Bartletts Sphärizitätstest stellt eine konservative Mindestfrage: Ist die Korrelationsmatrix überhaupt signifikant verschieden von einer Identitätsmatrix (eine Matrix, in der nur die Diagonale 1 ist und alle Off-Diagonal-Werte 0 — also völlige Unkorreliertheit)?
Wenn der Test signifikant ist (\(p < .05\)), heißt das: „zumindest irgendeine* Korrelation in der Matrix ist von Null verschieden — also gibt es etwas zu faktorisieren.”* Bei N > 1000 ist Bartlett fast immer signifikant; er ist eher ein technischer Mindest-Check als ein inhaltliches Argument. KMO ist die viel aussagekräftigere Größe.
8.3.3 Drei Diagnose-Ebenen aus einem Aufruf
Wir rufen efa() einmal mit n_factors = 1 auf und speichern das Ergebnis — die Faktoranzahl ist hier egal, wir interessieren uns nur für die Voraussetzungs-Werte. Aus dem zurückgegebenen Objekt liest du drei Diagnose-Ebenen heraus.

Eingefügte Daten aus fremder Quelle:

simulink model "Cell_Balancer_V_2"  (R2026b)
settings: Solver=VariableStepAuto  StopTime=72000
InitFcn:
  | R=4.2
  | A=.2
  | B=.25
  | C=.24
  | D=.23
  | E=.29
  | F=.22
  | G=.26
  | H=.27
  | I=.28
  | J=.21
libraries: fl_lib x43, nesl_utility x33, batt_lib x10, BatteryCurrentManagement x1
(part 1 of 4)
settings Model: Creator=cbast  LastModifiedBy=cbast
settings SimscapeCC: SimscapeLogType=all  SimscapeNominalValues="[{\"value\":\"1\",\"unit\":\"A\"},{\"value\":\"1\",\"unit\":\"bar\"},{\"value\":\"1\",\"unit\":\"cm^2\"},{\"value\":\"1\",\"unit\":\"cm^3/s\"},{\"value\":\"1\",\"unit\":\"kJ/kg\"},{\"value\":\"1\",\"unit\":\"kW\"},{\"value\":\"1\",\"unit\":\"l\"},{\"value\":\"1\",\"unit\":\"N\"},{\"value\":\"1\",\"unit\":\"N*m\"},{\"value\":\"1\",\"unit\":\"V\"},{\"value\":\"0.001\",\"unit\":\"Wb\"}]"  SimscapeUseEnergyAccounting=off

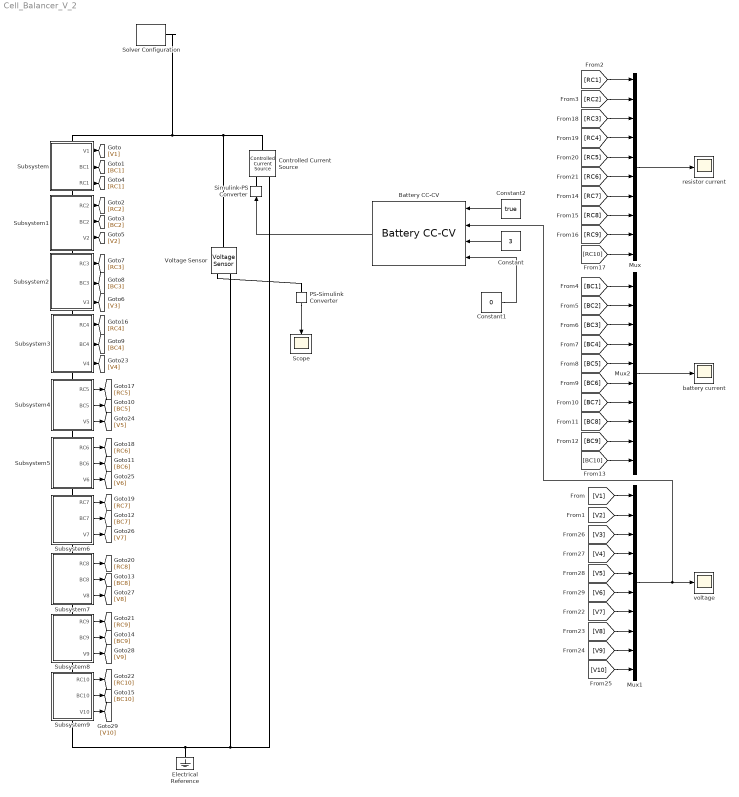
== system Cell_Balancer_V_2 ==
  Battery CC-CV : BatteryCurrentManagement/Battery CC-CV  MinMaxFlag=off  MaxCellVoltage=4.2  Kp=100  Ki=10  Kaw=1  Kt=1  Ts=.1
      settings: LibrarySourceBlock=batt_sl_lib/Current Management/Battery CC-CV
  Constant : Constant  Value=3
  Constant1 : Constant  Value=0
  Constant2 : Constant  Value=true  OutDataTypeStr=boolean
  Controlled Current Source : fl_lib/Electrical/Electrical Sources/Controlled Current Source
  Electrical Reference : fl_lib/Electrical/Electrical Elements/Electrical Reference
  Mux : Mux  Inputs=10
  Mux1 : Mux  Inputs=10
  Mux2 : Mux  Inputs=10
  PS-Simulink Converter : nesl_utility/PS-Simulink Converter  PhysicalDomain=network_engine_domain  SubClassName=ps_output  LeftPortType=input  RightPortType=output  PseudoPeriodic=off  Frequencies=[]  VectorFormat=inherit  Unit=inherit  AffineConversion=off
  Scope : Scope
      settings: ActiveDisplayYMinimum=29.7505090759505  ActiveDisplayYMaximum=43.345712012643816  DataLoggingVariableName=ScopeData3
  Simulink-PS Converter : nesl_utility/Simulink-PS Converter  PhysicalDomain=network_engine_domain  SubClassName=ps_input  LeftPortType=input  RightPortType=output  PseudoPeriodic=off  Frequencies=[]  NoiseDistribution=none  NoiseParameters=[]  Unit=A  AffineConversion=off  FilteringAndDerivatives=provide  SimscapeFilterOrder=1  InputFilterTimeConstant=0.001  UdotUserProvided=0
  Solver Configuration : nesl_utility/Solver Configuration  PhysicalDomain=network_engine_domain  SubClassName=solver  LeftPortType=input  RightPortType=generic  Tones=[]  Harmonics=[]  SimulateNoise=off  Profile=off  UseLocalSampling=off  EnableSwitchedLinearOptims=on  FrequencyDomain=off  UseCCode=off  RelTol=0.001  AbsTol=0.001  MinStep=1e-09  ToWorkspace=off  RevertToSquareIcSolve=off  NumHomotopyIterations=100  PhasorMode=off  PhasorModeNumHarmonics=1  ConsistencySolver=NEWTON_XTOL_AFTER_FTOL  CanonicalOrdering=CANONICAL  OptimizeIntermediates=OPTIMIZED  MulticoreSolverChoice=BACKWARD_EULER  IndexReductionMethod=DerivativeReplacement  DoDC=off  ResidualTolerance=1e-09  ConsistencyTolSource=GLOBAL  ConsistencyAbsTol=0.001  ConsistencyRelTol=0.001  ConsistencyTolFactor=0.001  UseLocalSolver=off  LocalSolverChoice=NE_BACKWARD_EULER_ADVANCER  ResolveIndetEquations=on  FunctionEvalNumThread=1  LocalSolverSampleTime=0.001  DoFixedCost=off  MaxNonlinIter=3  MaxModeIter=2  ComputeImpulses=off  ImpulseIterations=2  LinearAlgebra=auto  LinearAlgebraNumThread=0  EquationFormulation=NE_TIME_EF  DelaysMemoryBudget=1024  AutomaticFiltering=on  FilteringTimeConstant=0.001  PartitionStorageMethod=AS_NEEDED  PartitionMemoryBudget=1024  PartitionMethod=BALANCED  MultibodyUseLocalSolver=off  MultibodyLocalSolverChoice=ODE1  MultibodyLocalSolverSampleTime=0.001
  Subsystem : Subsystem
      settings: PortSchema="{\"entries\":[{\"content\":{\"sides\":[{\"content\":{\"connectorIds\":[\"LConn1\"]},\"type\":\"ConnectorPlacement.EquallySpacedRectSide\",\"uuid\":\"cf979a16-a91b-4829-8e8c-47878ae37a6b\"},{\"content\":{\"connectorIds\":[\"Out1\",\"Out2\",\"Out3\"],\"side\":\"RIGHT\"},\"type\":\"ConnectorPlacement.EquallySpacedRectSide\",\"uuid\":\"6e20e9dd-b02d-4dd9-9bba-83c5ab962d64\"},{\"content\":{\"connectorIds\":[\"LConn2\"],\"side\":\"TOP\"},\"type\":\"ConnectorPlacement.EquallySpacedRectSide\",\"uuid\":\"a7acf913-948b-411d-bbec-040cc670f398\"},{\"content\":{\"connectorIds\":[\"RConn1\"],\"side\":\"BOTTOM\"},\"type\":\"ConnectorPlacement.EquallySpacedRectSide\",\"uuid\":\"1d5d0df0-1bd4-46ff-b3f2-dbc3a67d8787\"}]},\"type\":\"ConnectorPlacement.EquallySpacedConnector\",\"uuid\":\"c3ff8ae8-2df9-499f-8763-7ecb3999170d\"}],\"packageUris\":[\"http://schema.mathworks.com/mf0/Connector/R2020b\"],\"version\":\"1.0\"}"
  Subsystem1 : Subsystem
      settings: PortSchema="{\"entries\":[{\"content\":{\"sides\":[{\"content\":{\"connectorIds\":[\"LConn1\"]},\"type\":\"ConnectorPlacement.EquallySpacedRectSide\",\"uuid\":\"b864f2b2-5928-4e80-8598-6ae066b8b686\"},{\"content\":{\"connectorIds\":[\"Out1\",\"Out2\",\"Out3\"],\"side\":\"RIGHT\"},\"type\":\"ConnectorPlacement.EquallySpacedRectSide\",\"uuid\":\"4c0824a7-ad18-427d-825c-0601e9e3c2a5\"},{\"content\":{\"connectorIds\":[\"LConn2\"],\"side\":\"TOP\"},\"type\":\"ConnectorPlacement.EquallySpacedRectSide\",\"uuid\":\"58eac08c-ab90-4096-8c71-26645031beff\"},{\"content\":{\"connectorIds\":[\"RConn1\"],\"side\":\"BOTTOM\"},\"type\":\"ConnectorPlacement.EquallySpacedRectSide\",\"uuid\":\"928b4b2b-69e3-456a-8822-74aa848d5ef0\"}]},\"type\":\"ConnectorPlacement.EquallySpacedConnector\",\"uuid\":\"d1889de4-d401-4a0f-84af-d9f011bf39d7\"}],\"packageUris\":[\"http://schema.mathworks.com/mf0/Connector/R2020b\"],\"version\":\"1.0\"}"
  Subsystem2 : Subsystem
      settings: PortSchema="{\"entries\":[{\"content\":{\"sides\":[{\"content\":{\"connectorIds\":[\"LConn1\"]},\"type\":\"ConnectorPlacement.EquallySpacedRectSide\",\"uuid\":\"b864f2b2-5928-4e80-8598-6ae066b8b686\"},{\"content\":{\"connectorIds\":[\"Out1\",\"Out2\",\"Out3\"],\"side\":\"RIGHT\"},\"type\":\"ConnectorPlacement.EquallySpacedRectSide\",\"uuid\":\"4c0824a7-ad18-427d-825c-0601e9e3c2a5\"},{\"content\":{\"connectorIds\":[\"LConn2\"],\"side\":\"TOP\"},\"type\":\"ConnectorPlacement.EquallySpacedRectSide\",\"uuid\":\"58eac08c-ab90-4096-8c71-26645031beff\"},{\"content\":{\"connectorIds\":[\"RConn1\"],\"side\":\"BOTTOM\"},\"type\":\"ConnectorPlacement.EquallySpacedRectSide\",\"uuid\":\"928b4b2b-69e3-456a-8822-74aa848d5ef0\"}]},\"type\":\"ConnectorPlacement.EquallySpacedConnector\",\"uuid\":\"d1889de4-d401-4a0f-84af-d9f011bf39d7\"}],\"packageUris\":[\"http://schema.mathworks.com/mf0/Connector/R2020b\"],\"version\":\"1.0\"}"
  Subsystem3 : Subsystem
      settings: PortSchema="{\"entries\":[{\"content\":{\"sides\":[{\"content\":{\"connectorIds\":[\"LConn1\"]},\"type\":\"ConnectorPlacement.EquallySpacedRectSide\",\"uuid\":\"b864f2b2-5928-4e80-8598-6ae066b8b686\"},{\"content\":{\"connectorIds\":[\"Out1\",\"Out2\",\"Out3\"],\"side\":\"RIGHT\"},\"type\":\"ConnectorPlacement.EquallySpacedRectSide\",\"uuid\":\"4c0824a7-ad18-427d-825c-0601e9e3c2a5\"},{\"content\":{\"connectorIds\":[\"LConn2\"],\"side\":\"TOP\"},\"type\":\"ConnectorPlacement.EquallySpacedRectSide\",\"uuid\":\"58eac08c-ab90-4096-8c71-26645031beff\"},{\"content\":{\"connectorIds\":[\"RConn1\"],\"side\":\"BOTTOM\"},\"type\":\"ConnectorPlacement.EquallySpacedRectSide\",\"uuid\":\"928b4b2b-69e3-456a-8822-74aa848d5ef0\"}]},\"type\":\"ConnectorPlacement.EquallySpacedConnector\",\"uuid\":\"d1889de4-d401-4a0f-84af-d9f011bf39d7\"}],\"packageUris\":[\"http://schema.mathworks.com/mf0/Connector/R2020b\"],\"version\":\"1.0\"}"
  Subsystem4 : Subsystem
      settings: PortSchema="{\"entries\":[{\"content\":{\"sides\":[{\"content\":{\"connectorIds\":[\"LConn1\"]},\"type\":\"ConnectorPlacement.EquallySpacedRectSide\",\"uuid\":\"b864f2b2-5928-4e80-8598-6ae066b8b686\"},{\"content\":{\"connectorIds\":[\"Out1\",\"Out2\",\"Out3\"],\"side\":\"RIGHT\"},\"type\":\"ConnectorPlacement.EquallySpacedRectSide\",\"uuid\":\"4c0824a7-ad18-427d-825c-0601e9e3c2a5\"},{\"content\":{\"connectorIds\":[\"LConn2\"],\"side\":\"TOP\"},\"type\":\"ConnectorPlacement.EquallySpacedRectSide\",\"uuid\":\"58eac08c-ab90-4096-8c71-26645031beff\"},{\"content\":{\"connectorIds\":[\"RConn1\"],\"side\":\"BOTTOM\"},\"type\":\"ConnectorPlacement.EquallySpacedRectSide\",\"uuid\":\"928b4b2b-69e3-456a-8822-74aa848d5ef0\"}]},\"type\":\"ConnectorPlacement.EquallySpacedConnector\",\"uuid\":\"d1889de4-d401-4a0f-84af-d9f011bf39d7\"}],\"packageUris\":[\"http://schema.mathworks.com/mf0/Connector/R2020b\"],\"version\":\"1.0\"}"
  Subsystem5 : Subsystem
      settings: PortSchema="{\"entries\":[{\"content\":{\"sides\":[{\"content\":{\"connectorIds\":[\"LConn1\"]},\"type\":\"ConnectorPlacement.EquallySpacedRectSide\",\"uuid\":\"b864f2b2-5928-4e80-8598-6ae066b8b686\"},{\"content\":{\"connectorIds\":[\"Out1\",\"Out2\",\"Out3\"],\"side\":\"RIGHT\"},\"type\":\"ConnectorPlacement.EquallySpacedRectSide\",\"uuid\":\"4c0824a7-ad18-427d-825c-0601e9e3c2a5\"},{\"content\":{\"connectorIds\":[\"LConn2\"],\"side\":\"TOP\"},\"type\":\"ConnectorPlacement.EquallySpacedRectSide\",\"uuid\":\"58eac08c-ab90-4096-8c71-26645031beff\"},{\"content\":{\"connectorIds\":[\"RConn1\"],\"side\":\"BOTTOM\"},\"type\":\"ConnectorPlacement.EquallySpacedRectSide\",\"uuid\":\"928b4b2b-69e3-456a-8822-74aa848d5ef0\"}]},\"type\":\"ConnectorPlacement.EquallySpacedConnector\",\"uuid\":\"d1889de4-d401-4a0f-84af-d9f011bf39d7\"}],\"packageUris\":[\"http://schema.mathworks.com/mf0/Connector/R2020b\"],\"version\":\"1.0\"}"
  Subsystem6 : Subsystem
      settings: PortSchema="{\"entries\":[{\"content\":{\"sides\":[{\"content\":{\"connectorIds\":[\"LConn1\"]},\"type\":\"ConnectorPlacement.EquallySpacedRectSide\",\"uuid\":\"b864f2b2-5928-4e80-8598-6ae066b8b686\"},{\"content\":{\"connectorIds\":[\"Out1\",\"Out2\",\"Out3\"],\"side\":\"RIGHT\"},\"type\":\"ConnectorPlacement.EquallySpacedRectSide\",\"uuid\":\"4c0824a7-ad18-427d-825c-0601e9e3c2a5\"},{\"content\":{\"connectorIds\":[\"LConn2\"],\"side\":\"TOP\"},\"type\":\"ConnectorPlacement.EquallySpacedRectSide\",\"uuid\":\"58eac08c-ab90-4096-8c71-26645031beff\"},{\"content\":{\"connectorIds\":[\"RConn1\"],\"side\":\"BOTTOM\"},\"type\":\"ConnectorPlacement.EquallySpacedRectSide\",\"uuid\":\"928b4b2b-69e3-456a-8822-74aa848d5ef0\"}]},\"type\":\"ConnectorPlacement.EquallySpacedConnector\",\"uuid\":\"d1889de4-d401-4a0f-84af-d9f011bf39d7\"}],\"packageUris\":[\"http://schema.mathworks.com/mf0/Connector/R2020b\"],\"version\":\"1.0\"}"
  Subsystem7 : Subsystem
      settings: PortSchema="{\"entries\":[{\"content\":{\"sides\":[{\"content\":{\"connectorIds\":[\"LConn1\"]},\"type\":\"ConnectorPlacement.EquallySpacedRectSide\",\"uuid\":\"b864f2b2-5928-4e80-8598-6ae066b8b686\"},{\"content\":{\"connectorIds\":[\"Out1\",\"Out2\",\"Out3\"],\"side\":\"RIGHT\"},\"type\":\"ConnectorPlacement.EquallySpacedRectSide\",\"uuid\":\"4c0824a7-ad18-427d-825c-0601e9e3c2a5\"},{\"content\":{\"connectorIds\":[\"LConn2\"],\"side\":\"TOP\"},\"type\":\"ConnectorPlacement.EquallySpacedRectSide\",\"uuid\":\"58eac08c-ab90-4096-8c71-26645031beff\"},{\"content\":{\"connectorIds\":[\"RConn1\"],\"side\":\"BOTTOM\"},\"type\":\"ConnectorPlacement.EquallySpacedRectSide\",\"uuid\":\"928b4b2b-69e3-456a-8822-74aa848d5ef0\"}]},\"type\":\"ConnectorPlacement.EquallySpacedConnector\",\"uuid\":\"d1889de4-d401-4a0f-84af-d9f011bf39d7\"}],\"packageUris\":[\"http://schema.mathworks.com/mf0/Connector/R2020b\"],\"version\":\"1.0\"}"
  Subsystem8 : Subsystem
      settings: PortSchema="{\"entries\":[{\"content\":{\"sides\":[{\"content\":{\"connectorIds\":[\"LConn1\"]},\"type\":\"ConnectorPlacement.EquallySpacedRectSide\",\"uuid\":\"b864f2b2-5928-4e80-8598-6ae066b8b686\"},{\"content\":{\"connectorIds\":[\"Out1\",\"Out2\",\"Out3\"],\"side\":\"RIGHT\"},\"type\":\"ConnectorPlacement.EquallySpacedRectSide\",\"uuid\":\"4c0824a7-ad18-427d-825c-0601e9e3c2a5\"},{\"content\":{\"connectorIds\":[\"LConn2\"],\"side\":\"TOP\"},\"type\":\"ConnectorPlacement.EquallySpacedRectSide\",\"uuid\":\"58eac08c-ab90-4096-8c71-26645031beff\"},{\"content\":{\"connectorIds\":[\"RConn1\"],\"side\":\"BOTTOM\"},\"type\":\"ConnectorPlacement.EquallySpacedRectSide\",\"uuid\":\"928b4b2b-69e3-456a-8822-74aa848d5ef0\"}]},\"type\":\"ConnectorPlacement.EquallySpacedConnector\",\"uuid\":\"d1889de4-d401-4a0f-84af-d9f011bf39d7\"}],\"packageUris\":[\"http://schema.mathworks.com/mf0/Connector/R2020b\"],\"version\":\"1.0\"}"
  Subsystem9 : Subsystem
      settings: PortSchema="{\"entries\":[{\"content\":{\"sides\":[{\"content\":{\"connectorIds\":[\"LConn1\"]},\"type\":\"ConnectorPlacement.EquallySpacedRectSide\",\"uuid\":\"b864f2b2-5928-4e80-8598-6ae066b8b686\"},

Ebene 1: Gesamt-KMO. Der kompakte Print zeigt ihn als zentrale Zahl:
Gesamt-KMO ≈ 0.86 — die Stichprobe ist als Ganzes „meritorious” geeignet (siehe Schwellen-Tabelle oben).
Ebene 2: Bartlett-Test. Aus dem Objekt-Slot $bartlett:
efa_vor$bartlett
$chi_sq
[1] 6532.633
$df
[1] 15
$p_value
[1] 0
χ² ≈ 6533 bei df = 15 und p < .001 — die Korrelationsmatrix ist klar verschieden von einer Identitätsmatrix. Mindest-Voraussetzung erfüllt.
Ebene 3: Per-Item-KMO (MSA). Das ist der eigentlich spannende Diagnose-Schritt — er zeigt, ob jedes einzelne Item ins gemeinsame Faktormodell passt. Im Output-Objekt liegt er als named numeric in $kmo$per_item; wir packen ihn in ein Tibble:
Faustregel pro Item: MSA ≥ 0.5 akzeptabel, < 0.5 Hinweis, dieses Item aus der Faktorenanalyse herauszunehmen. In unserem Fall liegen alle sechs Items zwischen 0.85 und 0.88 — durchweg saubere Werte, kein Item gehört rausgenommen.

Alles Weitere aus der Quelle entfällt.